COSI' FINISCE LA GLORIA
di Alberto Mannoni

Il satrapo mezza cartuccia è scappato dal palazzo, e si nasconde nel giardino incolto, con i cortigiani di ieri che si fronteggiano al sole, senza il coraggio di staccare la spina, come l'antico sodale rimprovera.

Ma anche la sua statua rischia la polvere, le crepe dei fischi staccano pezzi di trabeazione dal tempio padano, l'ampolla dell'acqua-sangue del dio non basta ad impastare il consenso, e il secondo ufficiale scrive come sue pagine del giornale di bordo, anche se ancora non può uccidere il Padre.

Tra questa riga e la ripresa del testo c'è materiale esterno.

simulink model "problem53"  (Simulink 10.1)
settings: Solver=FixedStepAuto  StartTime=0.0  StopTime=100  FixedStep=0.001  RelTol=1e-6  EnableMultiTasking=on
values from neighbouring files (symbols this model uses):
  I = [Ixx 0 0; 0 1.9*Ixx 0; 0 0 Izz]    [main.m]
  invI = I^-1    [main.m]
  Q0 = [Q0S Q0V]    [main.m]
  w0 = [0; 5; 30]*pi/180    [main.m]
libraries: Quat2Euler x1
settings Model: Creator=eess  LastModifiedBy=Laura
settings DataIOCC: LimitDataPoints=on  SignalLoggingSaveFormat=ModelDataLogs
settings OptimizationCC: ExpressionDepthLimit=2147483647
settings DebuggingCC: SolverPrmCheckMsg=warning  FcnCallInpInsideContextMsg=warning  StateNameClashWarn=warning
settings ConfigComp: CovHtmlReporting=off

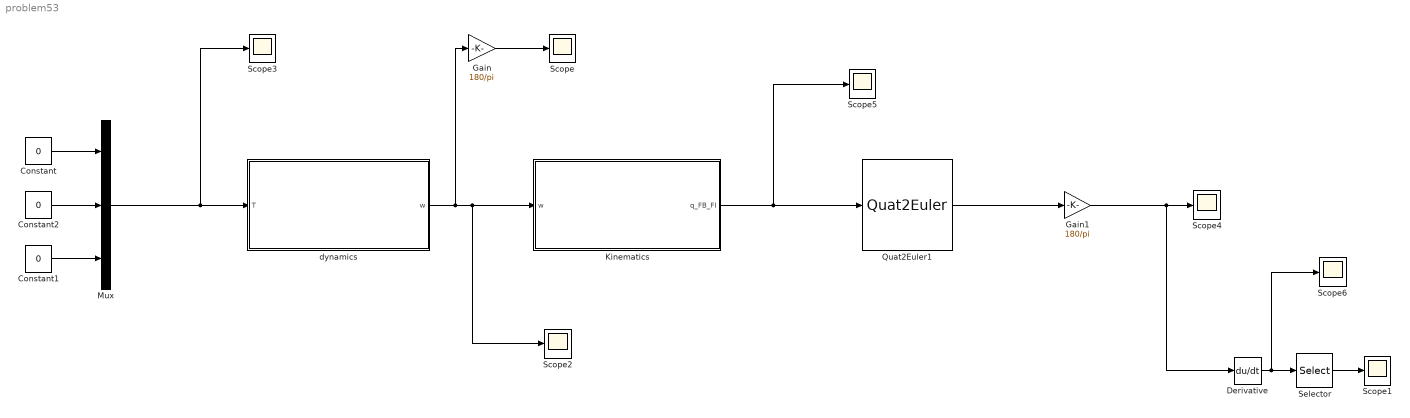
== system problem53 ==
  Constant : Constant  Value=0
  Constant1 : Constant  Value=0
  Constant2 : Constant  Value=0
  Derivative : Derivative
  Gain : Gain  Gain=180/pi
  Gain1 : Gain  Gain=180/pi
  Kinematics : Subsystem
  Mux : Mux  Inputs=3
  Quat2Euler1 : Quat2Euler/Quat2Euler  euler_order=313  quat_convention=1
  Scope{,1..6} (7 alike) : Scope
  Selector : Selector  InputPortWidth=3  IndexOptions=Index vector (dialog)  Indices=[1]  OutputSizes=1
  dynamics : Subsystem
  wires:
  dynamics/1(w) -> Gain/1, Scope2/1, Kinematics/1(w)
  Kinematics/1(q_FB_FI) -> Quat2Euler1/1, Scope5/1
  Quat2Euler1/1 -> Gain1/1
  Derivative/1 -> Scope6/1, Selector/1
  Selector/1 -> Scope1/1
  Constant/1 -> Mux/1
  Constant1/1 -> Mux/3
  Mux/1 -> Scope3/1, dynamics/1(T)
  Gain1/1 -> Scope4/1, Derivative/1
  Gain/1 -> Scope/1
  Constant2/1 -> Mux/2

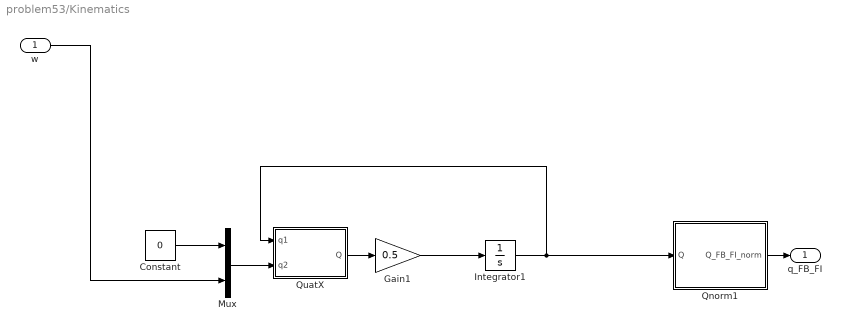
== system problem53/Kinematics ==
  w : Inport
  Constant : Constant  Value=0
  Gain1 : Gain  Gain=0.5
  Integrator1 : Integrator  InitialCondition=Q0
  Mux : Mux  Inputs=2
  Qnorm1 : Subsystem
  QuatX : MATLAB Function  TreatAsAtomicUnit=on
  q_FB_FI : Outport  VectorParamsAs1DForOutWhenUnconnected=off
  wires:
  w/1 -> Mux/2
  QuatX/1(Q) -> Gain1/1
  Gain1/1 -> Integrator1/1
  Integrator1/1 -> QuatX/1(q1), Qnorm1/1(Q)
  Constant/1 -> Mux/1
  Mux/1 -> QuatX/2(q2)
  Qnorm1/1(Q_FB_FI_norm) -> q_FB_FI/1

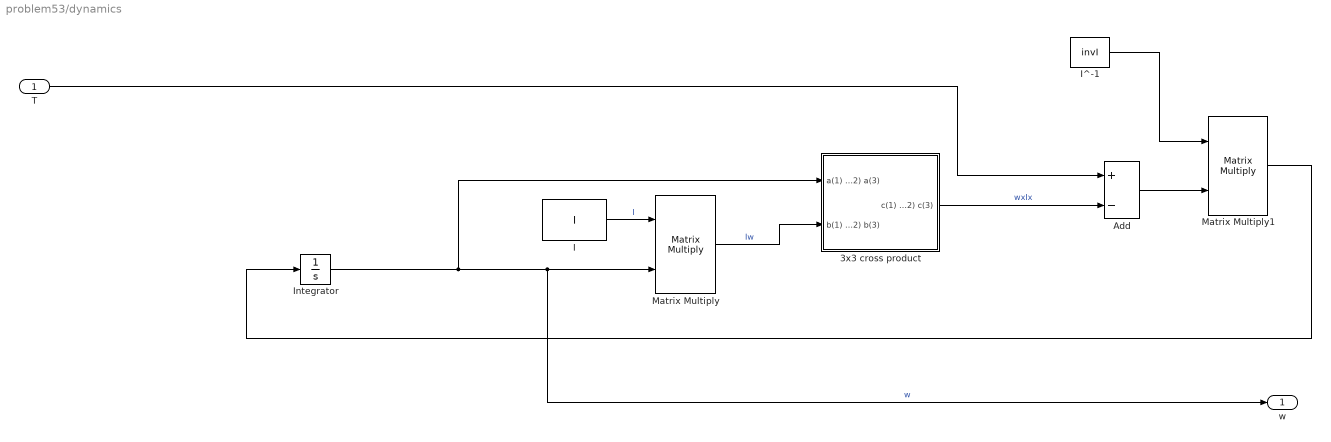
== system problem53/dynamics ==
  T : Inport
  3x3 cross product : Subsystem  AncestorBlock=cross1/3x3 cross product  mask(Cross Product){}
      mask help: Cross Product
      mask Help: eval( 'shelp sbcross1' );
      mask Display:
      | disp('Cross\nC=AXB')
      | port_label('input',1,'A')
      | port_label('input',2,'B')
      | port_label('output',1,'C')
  Add : Sum  Inputs=+-
  I : Constant  Value=I
  I^-1 : Constant  Value=invI
  Integrator : Integrator  InitialCondition=w0
  Matrix Multiply : Product  Multiplication=Matrix(*)
  Matrix Multiply1 : Product  Multiplication=Matrix(*)
  w : Outport  VectorParamsAs1DForOutWhenUnconnected=off
  wires:
  I/1 -> Matrix Multiply/1  "I"
  Integrator/1 -> 3x3 cross product/1(a(1) a(2) a(3)), Matrix Multiply/2, w/1  "w"
  Matrix Multiply/1 -> 3x3 cross product/2(b(1) b(2) b(3))  "Iw"
  Add/1 -> Matrix Multiply1/2
  I^-1/1 -> Matrix Multiply1/1
  Matrix Multiply1/1 -> Integrator/1
  3x3 cross product/1(c(1) c(2) c(3)) -> Add/2  "wxIx"
  T/1 -> Add/1

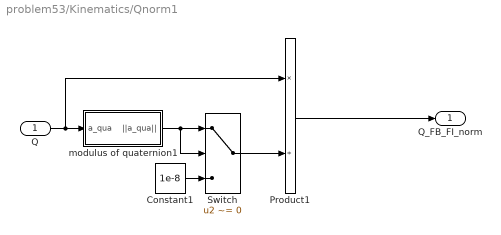
== system problem53/Kinematics/Qnorm1 ==
  Q : Inport
  Constant1 : Constant  Value=1e-8  SampleTime=-1
  Product1 : Product  Inputs=*/  InputSameDT=on  RndMeth=Zero  SaturateOnIntegerOverflow=on  OutDataTypeStr=Inherit: Same as first input
  Switch : Switch  Criteria=u2 ~= 0
  modulus of quaternion1 : Subsystem
      settings: AttributesFormatString=modulus of quaternion
  Q_FB_FI_norm : Outport  VectorParamsAs1DForOutWhenUnconnected=off
  wires:
  Q/1 -> Product1/1, modulus of quaternion1/1(a_qua)
  Switch/1 -> Product1/2
  Constant1/1 -> Switch/3
  modulus of quaternion1/1(||a_qua||) -> Switch/1, Switch/2
  Product1/1 -> Q_FB_FI_norm/1

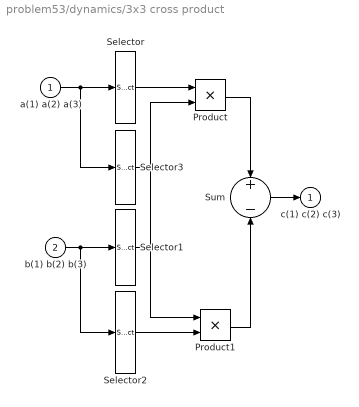
== system problem53/dynamics/3x3 cross product ==
  a(1) a(2) a(3) : Inport
  b(1) b(2) b(3) : Inport  Port=2
  Product : Product  InputSameDT=on  RndMeth=Zero  SaturateOnIntegerOverflow=on  OutDataTypeStr=Inherit: Same as first input
  Product1 : Product  InputSameDT=on  RndMeth=Zero  SaturateOnIntegerOverflow=on  OutDataTypeStr=Inherit: Same as first input
  Selector : Selector  InputPortWidth=3  IndexOptions=Index vector (dialog)  Indices=[2 3 1]  OutputSizes=1
  Selector1 : Selector  InputPortWidth=3  IndexOptions=Index vector (dialog)  Indices=[3 1 2]  OutputSizes=1
  Selector2 : Selector  InputPortWidth=3  IndexOptions=Index vector (dialog)  Indices=[2 3 1]  OutputSizes=1
  Selector3 : Selector  InputPortWidth=3  IndexOptions=Index vector (dialog)  Indices=[3 1 2]  OutputSizes=1
  Sum : Sum  Inputs=+|-  InputSameDT=on  SaturateOnIntegerOverflow=on  OutDataTypeStr=Inherit: Same as first input
  c(1) c(2) c(3) : Outport  InitialOutput=0  VectorParamsAs1DForOutWhenUnconnected=off
  wires:
  Selector3/1 -> Product1/1
  Selector2/1 -> Product1/2
  Product1/1 -> Sum/2
  Selector1/1 -> Product/2
  Product/1 -> Sum/1
  a(1) a(2) a(3)/1 -> Selector3/1, Selector/1
  Selector/1 -> Product/1
  b(1) b(2) b(3)/1 -> Selector2/1, Selector1/1
  Sum/1 -> c(1) c(2) c(3)/1

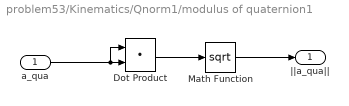
== system problem53/Kinematics/Qnorm1/modulus of quaternion1 ==
  a_qua : Inport
  Dot Product : DotProduct  InputSameDT=on  OutDataTypeStr=Inherit: Inherit via internal rule
  Math Function : Math  Operator=sqrt  SignedPower=on  SaturateOnIntegerOverflow=on
  ||a_qua|| : Outport  VectorParamsAs1DForOutWhenUnconnected=off
  wires:
  a_qua/1 -> Dot Product/2, Dot Product/1
  Math Function/1 -> ||a_qua||/1
  Dot Product/1 -> Math Function/1

== matlab function Kinematics/QuatX ==
  data: q1 input double; Q output double; q2 input double
function Q = fcn(q1,q2)
% This function performs the quaternions multiplication
%
q10 = q1(1);
q1v = q1(2:4);
%
q20 = q2(1);
q2v = q2(2:4);
%
Q0 = q10*q20 - dot(q1v, q2v);
Qv = q10*q2v + q20*q1v + cross(q1v,q2v);
%
Q = [Q0;Qv];

Così finisce la gloria dei due maggiori protagonisti della Seconda Repubblica: doppiopetto e canottiera, le due divise di una stagione costruita sui proclami vuoti e le riforme di sabbia, i processi infiniti, gli ossimori di lotta e di governo.

Sic transit gloria mundi, disse la mezza cartuccia commentando la fine dell'ex (quanto in fretta) amico beduino, a cui baciava disgustosamente la mano giusto un anno prima, e la battuta non certo originale si potrebbe applicare a lui.

Epilogo scontato? Forse. Loro si erano abituati bene, però. Noi un pò meno, e chissà se è veramente finita...
Viene in mente il film Arrapaho (1984) in cui un capo indiano piange la salma della moglie senza convinzione, e avvicinandosi ogni tanto si china chiedendo "ma SEI morta?"